_TASK REQUIREMENTS_. For the entries below, the expected answer is the line with "NET_GPIO[6 + c]", the line with "# UI GPIO10/11", and every line between them, exactly as written, and nothing more.
::::::::::
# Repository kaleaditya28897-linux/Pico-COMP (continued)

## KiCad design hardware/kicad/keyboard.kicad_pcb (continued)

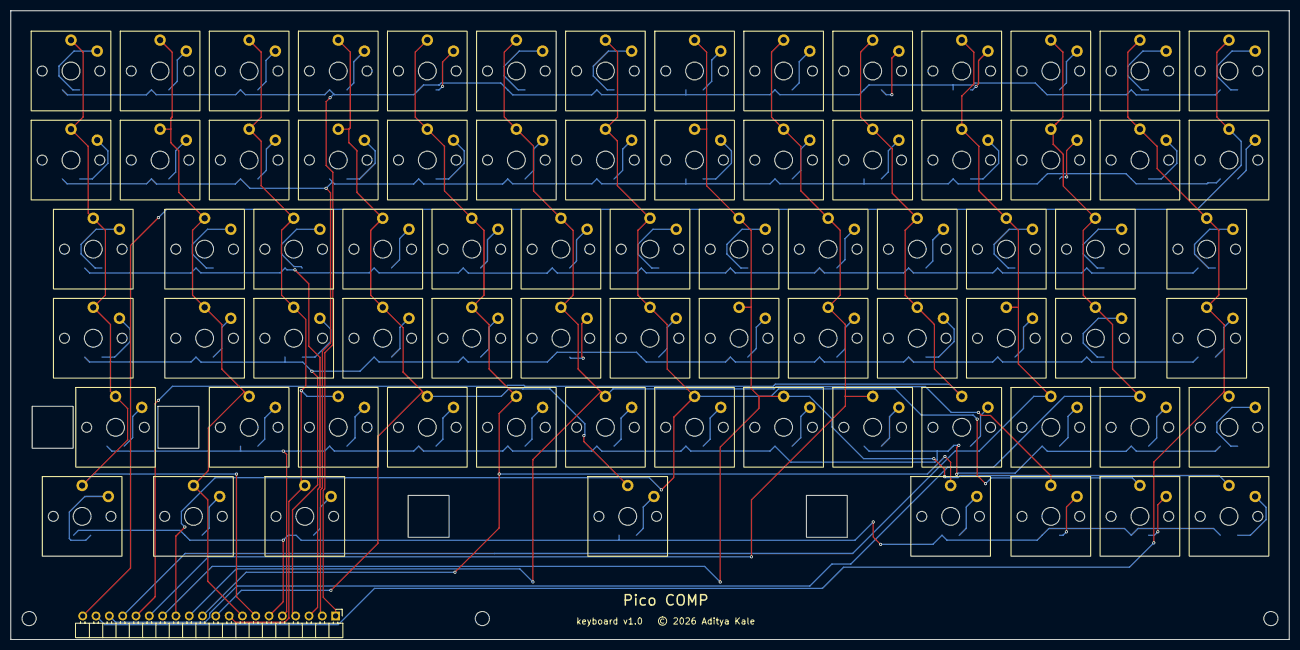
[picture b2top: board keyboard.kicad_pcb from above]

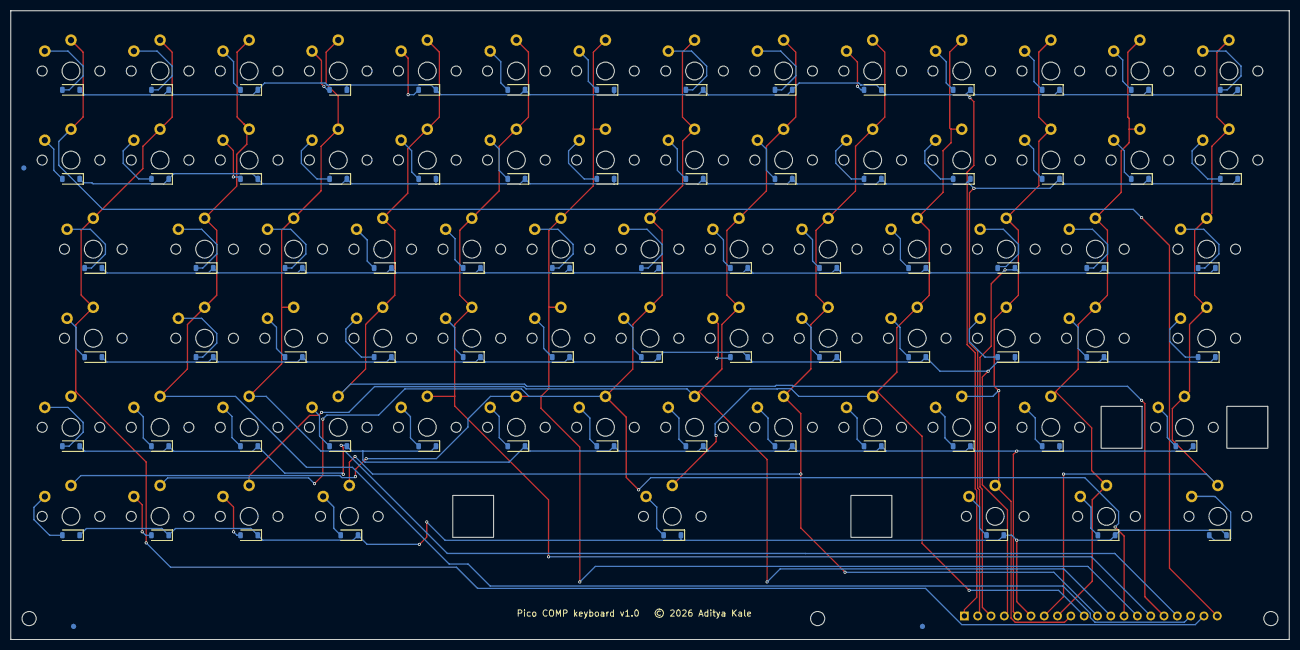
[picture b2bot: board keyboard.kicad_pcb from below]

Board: 2 copper layers, 244.0 x 120.0 mm, 159 parts (78 on the bottom side), 95 nets.

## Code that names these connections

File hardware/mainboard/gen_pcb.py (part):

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    NET_GPIO[r] = f"ROW{r}"
for c in range(14):
    NET_GPIO[6 + c] = f"COL{c}"
NET_GPIO.update({20: "I2C_SDA", 21: "I2C_SCL", 22: "CHG_INT", 23: "WL_ON", 24: "WL_DATA",
                 25: "WL_CS", 26: "WL_CLK", 27: "CHG_STAT", 28: "NET_TX", 29: "NET_RX"})
# UI MCU (U1): expansion 0-3 + 8-11 (I2C0 on 8/9, SPI1 on 8-11), printer UART1 4-7 (TX, RX, CTS, RTS),
# HSTX 12-19, SD SPI0 20-23,
# card detect 24, LED 25, buzzer 26, panel power 27, UART to NET 28/29
# UART0 is the MCU link on 28/29, so the printer uses UART1 (GPIO4 TX, 5 RX, 6 CTS, 7 RTS)
UI_GPIO = {4: "PRN_TX", 5: "PRN_RX", 6: "PRN_CTS", 7: "PRN_RTS"}
EXP_GPIO = [0, 1, 2, 3, 8, 9]
for g in EXP_GPIO:
    UI_GPIO[g] = f"EXP{g}"
# UI GPIO10/11 drive the NET MCU's SWD port: the UI firmware reflashes the NET MCU (one update file)
UI_GPIO.update({10: "NET_SWCLK", 11: "NET_SWDIO"})
# RP2350B extra GPIO: 64 GB eMMC, 4-bit SD/MMC bus via PIO (DAT0-3 consecutive for the PIO program)
# power button sense (through D50, shared with the charger's QON): sleep/wake and soft power-off
UI_GPIO.update({37: "UI_PWR_KEY"})
UI_GPIO.update({30: "EMMC_CLK", 31: "EMMC_CMD", 32: "EMMC_DAT0", 33: "EMMC_DAT1", 34: "EMMC_DAT2",
                35: "EMMC_DAT3", 36: "EMMC_RST"})
UI_GPIO.update({12: "TMDS_D0P", 13: "TMDS_D0N", 14: "TMDS_CKP", 15: "TMDS_CKN",
                16: "TMDS_D2P", 17: "TMDS_D2N", 18: "TMDS_D1P", 19: "TMDS_D1N",
                20: "SD_MISO", 21: "SD_CS", 22: "SD_SCK", 23: "SD_MOSI", 24: "SD_DET",
                25: "UI_LED", 26: "BUZZ", 27: "PANEL_EN", 28: "UI_TX", 29: "UI_RX"})
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

def rp2350(tag, ref, x, y, gpio, usb, part="RP2350A"):
    """part: RP2350A (QFN-60, GPIO0-29) or RP2350B (QFN-80, GPIO0-47)."""
    m = {"IOVDD": "V3V3", "USB_OTP_VDD": "V3V3", "QSPI_IOVDD": "V3V3", "VREG_AVDD": f"{tag}_AVDD",   # RC-filtered (vreg)
         "VREG_VIN": "V3V3", "ADC_AVDD": "V3V3", "DVDD": f"{tag}_1V1", "VREG_FB": f"{tag}_1V1",
         "VREG_LX": f"{tag}_LX", "VREG_PGND": "GND", "GND": "GND",
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            "~{CE}": "GND", "ACDRV1": "GND", "ACDRV2": "GND", "PROG": "PROG", "SDRV": "SDRV", "~{QON}": "QON"},
   mpn="BQ25798RQMR")   # ACDRV to GND: no input FETs. QON = power button (via D50).
# Charger layout (real board mm, fixed=True), after the BQ25798 datasheet layout guide: L5 straight above
# the SW1/SW2 pins with its own switch-node pours; PMID caps on a strip from the PMID pin; BTST caps beside
# the switch pours; REGN cap at its pin; VBUS pour along the left pins (a corridor for the REGN cap); VSYS
# strip from the SYS pin to its caps, then a VSYS area up to the 5 V buck; BAT pour from the BAT pins around
# to the ship FET Q50; VBAT_PACK pour from J2 to Q50's drain. Pours are named PWR_*: the autorouter sees them
# (other nets keep off), so they stay solid.
add("L5", "Inductor_SMD", "L_Bourns_SRP7028A_7.3x6.6mm", 28.0, 23.5, 0, "2.2uH", mpn="SRP7028A-2R2M", fixed=True)
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Cf("C55", "47nF", "BTST2", "SW2", 31.25, 28.25, "0402", 180)    # pad 2 on the SW2 pour
Cf("C50", "10uF", "VBUS", "GND", 18.6, 31.85, "0805", 180)       # VBUS pad (1) on the VBUS pour
Cf("C51", "10uF", "VBUS", "GND", 18.6, 33.95, "0805", 180)
Cf("C56", "4.7uF", "REGN", "GND", 23.9, 32.12, "0603", 180)     # REGN pad (1) next to pin 5
Cf("C57", "10uF", "VSYS", "GND", 33.6, 29.0, "0805", 90)        # VSYS pad (1) down on the VSYS strip
Cf("C58", "10uF", "VSYS", "GND", 35.6, 29.0, "0805", 90)
Cf("C59", "10uF", "VBAT", "GND", 34.55, 33.0, "0805", 0)        # VBAT pad (1) on the BAT column
Cf("C510", "10uF", "VBAT", "GND", 34.55, 35.2, "0805", 0)
track("REGN", (26.10, 32.12), (24.9, 32.12), 0.2)             # REGN pin 5 -> C56
R("R50", "5.23k", "REGN", "TS", 40, 19)
R("R51", "30.1k", "TS", "GND", 40, 21)
R("R52", "47k", "REGN", "ILIM", 40, 23)
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place_edge("J2", "left", 26)
add("J5", "Connector_JST", "JST_PH_B2B-PH-K_1x02_P2.00mm_Vertical", 10, 46, 0, "NTC", mpn="B2B-PH-K-S")
conn("J5", {"1": "TS", "2": "GND"})
track("QON", (27.8, 34.02), (27.8, 35.35), 0.15)                # QON pin 12 -> C512 (straight down)
track("QON", (27.8, 35.35), (27.32, 35.75), 0.15)
track("GND", (28.0, 30.42), (28.0, 29.4), 0.2)                  # GND pin 27 (between SW1 and SW2) -> via
via("GND", (28.0, 29.4), 0.35, 0.15)
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add("J6", "Connector_Video", "HDMI_A_Molex_208658-1001_Horizontal", 0, 0, 90, "HDMI to panel", mpn="2086581001")
conn("J6", {"1": "HD_D2P", "2": "GND", "3": "HD_D2N", "4": "HD_D1P", "5": "GND", "6": "HD_D1N",
            "7": "HD_D0P", "8": "GND", "9": "HD_D0N", "10": "HD_CKP", "11": "GND", "12": "HD_CKN",
            "17": "GND", "18": "V5_PANEL", "SH": "GND"})   # +5V pin 18: sinks need it to see a source
place_edge("J6", "top", 116)
for i, (a, b) in enumerate([("TMDS_D0P", "HD_D0P"), ("TMDS_D0N", "HD_D0N"), ("TMDS_CKP", "HD_CKP"),
                            ("TMDS_CKN", "HD_CKN"), ("TMDS_D2P", "HD_D2P"), ("TMDS_D2N", "HD_D2N"),
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
# Wi-Fi: Raspberry Pi RM2 (CYW43439, onboard antenna), wired like the Pico 2 W (RM2 datasheet Table 1/2).
# Rotated 180 so the antenna end sits flush on the front board edge; its RF keep-out (in the footprint)
# hangs off the board. Firmware: CYW43 pins WL_ON=23, DATA=24, CS=25, CLK=26 (NET MCU).
add("U8", LOCAL_LIB, "RaspberryPi_RM2", 85, BH - 8.25, 180, "RM2", mpn="RMC20452T", fixed=True)
SYMBOL["U8"] = (LOCAL_LIB, "RaspberryPi_RM2")
conn("U8", {"1": "GND", "4": "GND", "7": "GND", "11": "GND", "15": "GND", "21": "GND",
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add("J12", "Connector_JST", "JST_SH_SM06B-SRSS-TB_1x06-1MP_P1.00mm_Horizontal", 140, 64, 0, "PRINTER", mpn="SM06B-SRSS-TB")
conn("J12", {"MP": "GND", "1": "V5", "2": "PRN_TX", "3": "PRN_RX", "4": "PRN_RTS", "5": "PRN_CTS", "6": "GND"})
add("J13", "Connector_PinHeader_1.27mm", "PinHeader_1x10_P1.27mm_Vertical", 120, 62, 90, "EXPANSION", spec="1x10 1.27 mm header")
conn("J13", {"1": "V3V3", "2": "GND", **{str(3 + i): f"EXP{g}" for i, g in enumerate(EXP_GPIO)}, "9": "GND", "10": "V3V3"})

# UI reset on the right edge, side-actuated, behind a pinhole in the case wall. Double-tap = USB update
# mode (pico_bootsel_via_double_reset in the UI firmware).
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conn("D51", {"1": "UI_RUN", "2": "NET_RUN", "3": "SYS_RST"})

# Power button: right wall, above the reset pinhole, finger-pressed through a printed plunger in the case.
# It pulls the charger's QON (exit ship mode / 10 s system power cycle) and UI GPIO37 (short presses:
# sleep, wake, soft power-off) low through D50. QON's internal pull-up reaches 3.8 V, so the diode keeps
# it off the 3.3 V GPIO; with the system off (ship mode) the GPIO side is unpowered and blocks too.
add("SW5", "Button_Switch_SMD", "Panasonic_EVQPUJ_EVQPUA", 0, 0, 270, "POWER", mpn="EVQ-PUJ02K")
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ic("U11", "Package_TO_SOT_SMD", "SOT-23-6", ("Power_Protection", "USBLC6-2SC6"), 136, 54, {
    "I/O1": "NET_USB_P", "GND": "GND", "I/O2": "NET_USB_N", "VBUS": "VBUS2"}, value="USBLC6-2SC6", mpn="USBLC6-2SC6")

# 64 GB eMMC 5.1 (JEDEC 153-ball FBGA) below the UI MCU, 4-bit bus on GPIO30-36. VCC and VCCQ both 3.3 V.
# Ball map + pull-up / VDDi values: Kimtigo KM110SS1064GxA datasheet (CMD 4.7-100k, DAT 10-100k, VDDi 1 uF).
# Fab: the 0.5 mm-pitch balls use via-in-pad (filled + capped), placed by fanout.py.
EMMC_X, EMMC_Y = 99.6, 70.5                      # real board coords: right of the RM2, below the UI MCU
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add("D2", "LED_SMD", "LED_0603_1608Metric", 129, 59.5, 0, "UI", spec="LED green 0603")
conn("D2", {"1": "GND", "2": "UI_LEDK"})

# Beeper: piezo driven straight from GPIO26 (PWM) through 100R
add("BZ1", "Buzzer_Beeper", "Buzzer_Murata_PKMCS0909E", 128, 30, 0, "Piezo", mpn="PKMCS0909E4000-R1")
conn("BZ1", {"1": "BUZZ_R", "2": "GND"})
R("R98", "100", "BUZZ", "BUZZ_R", 128, 36)
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
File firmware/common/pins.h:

#ifndef COMP_PINS_H
#define COMP_PINS_H

/* GPIO map of the main board (hardware/mainboard/gen_pcb.py is the source of truth).
 *
 * Firmware updates: one .uf2 on the UI MCU (USB-C, BOOTSEL drive mode via an "update" hotkey,
 * reset_usb_boot(), or a double tap of the pinhole RESET button). The UI image carries the NET MCU
 * image and writes it over SWD (UI_PIN_NET_SWCLK/SWDIO) when the NET version differs. The NET MCU's
 * own USB is on USB-C port 2 (J14, factory / recovery flashing).
 *
 * Buttons (right wall):
 *  - POWER (SW5): pulls the BQ25798's QON and UI GPIO37 low through a dual diode. Short press: firmware
 *    event (sleep / wake / ask to power off). Power off = NET writes SDRV_CTRL = 10 (REG0x0F bits 2:1, ship
 *    mode): the ship FET Q50 disconnects the pack. Power on = press >= 1 s (15 ms if WKUP_DLY = 1) or plug
 *    in USB. Holding it 10 s power-cycles everything in hardware (BQ25798 tRST), even if firmware hangs.
 *  - RESET pinhole (SW2): resets both MCUs at once (UI_RUN and NET_RUN through a dual diode).
 *    Double tap = UI USB update mode (pico_bootsel_via_double_reset). */

/* ---- UI MCU (U1) ---- */
#define UI_PIN_EXP_0_3   0   /* expansion header J13 pins 3-6 = GPIO0-3 */
#define UI_PIN_PRN_TX    4   /* printer UART1 TX (UART0 is the MCU link) */
#define UI_PIN_PRN_RX    5   /* printer UART1 RX */
#define UI_PIN_PRN_CTS   6   /* printer UART1 CTS */
#define UI_PIN_PRN_RTS   7   /* printer UART1 RTS */
#define UI_PIN_EXP_8_9   8   /* expansion header J13 pins 7-8 = GPIO8-9 (I2C0); pins 9/10 = GND/3V3 */
#define UI_PIN_NET_SWCLK 10  /* UI drives the NET MCU's SWD port: the UI firmware reflashes the NET MCU */
#define UI_PIN_NET_SWDIO 11
#define UI_PIN_TMDS_FIRST 12 /* HSTX: D0 12/13, CK 14/15, D2 16/17, D1 18/19 (see dvi_text.c) */
#define UI_PIN_SD_MISO   20  /* SPI0 */
#define UI_PIN_SD_CS     21
#define UI_PIN_SD_SCK    22
#define UI_PIN_SD_MOSI   23
#define UI_PIN_SD_DET    24  /* card detect switch to GND, needs pull-up */
#define UI_PIN_LED       25
#define UI_PIN_BUZZER    26  /* piezo via 100R: drive with PWM (~4 kHz resonance) */
#define UI_PIN_PANEL_EN  27  /* TPS22917 panel 5 V switch, high = on (100k pull-down) */
/* RP2350B only (UI MCU): 64 GB eMMC, 4-bit SD/MMC bus driven by PIO (DAT0-3 consecutive) */
#define UI_PIN_EMMC_CLK  30
#define UI_PIN_EMMC_CMD  31
#define UI_PIN_EMMC_DAT0 32  /* DAT1-3 = 33-35 */
#define UI_PIN_EMMC_RST  36  /* active low, 10k pull-up */
#define UI_PIN_PWR_KEY   37  /* power button, active low (10k pull-up; shared with charger QON via D50) */
#define UI_PIN_LINK_TX   28  /* UART0 TX to NET RX 29 */
#define UI_PIN_LINK_RX   29

/* ---- NET MCU (U2) ---- */
#define NET_PIN_ROW_FIRST 0  /* ROW0-5 = GPIO0-5: drive low one at a time */
#define NET_PIN_COL_FIRST 6  /* COL0-13 = GPIO6-19: inputs with pull-ups (diode anode on the column side) */
#define NET_PIN_I2C_SDA  20  /* I2C0 to BQ25798 (address 0x6B) */
#define NET_PIN_I2C_SCL  21
#define NET_PIN_CHG_INT  22  /* BQ25798 INT, open drain, active low */
#define NET_PIN_WL_ON    23  /* RM2 WL_ON + BT_ON */
#define NET_PIN_WL_DATA  24  /* RM2 gSPI data (DIN direct, DOUT via 470R, IRQ via 10k) */
#define NET_PIN_WL_CS    25
#define NET_PIN_WL_CLK   26  /* differs from the Pico 2 W (29): override CYW43_DEFAULT_PIN_WL_CLOCK */
#define NET_PIN_CHG_STAT 27  /* BQ25798 STAT */
#define NET_PIN_LINK_TX  28  /* to UI RX 29 */
#define NET_PIN_LINK_RX  29

#endif
::::::::::
_ANSWER BOX_.
    NET_GPIO[6 + c] = f"COL{c}"
NET_GPIO.update({20: "I2C_SDA", 21: "I2C_SCL", 22: "CHG_INT", 23: "WL_ON", 24: "WL_DATA",
                 25: "WL_CS", 26: "WL_CLK", 27: "CHG_STAT", 28: "NET_TX", 29: "NET_RX"})
# UI MCU (U1): expansion 0-3 + 8-11 (I2C0 on 8/9, SPI1 on 8-11), printer UART1 4-7 (TX, RX, CTS, RTS),
# HSTX 12-19, SD SPI0 20-23,
# card detect 24, LED 25, buzzer 26, panel power 27, UART to NET 28/29
# UART0 is the MCU link on 28/29, so the printer uses UART1 (GPIO4 TX, 5 RX, 6 CTS, 7 RTS)
UI_GPIO = {4: "PRN_TX", 5: "PRN_RX", 6: "PRN_CTS", 7: "PRN_RTS"}
EXP_GPIO = [0, 1, 2, 3, 8, 9]
for g in EXP_GPIO:
    UI_GPIO[g] = f"EXP{g}"
# UI GPIO10/11 drive the NET MCU's SWD port: the UI firmware reflashes the NET MCU (one update file)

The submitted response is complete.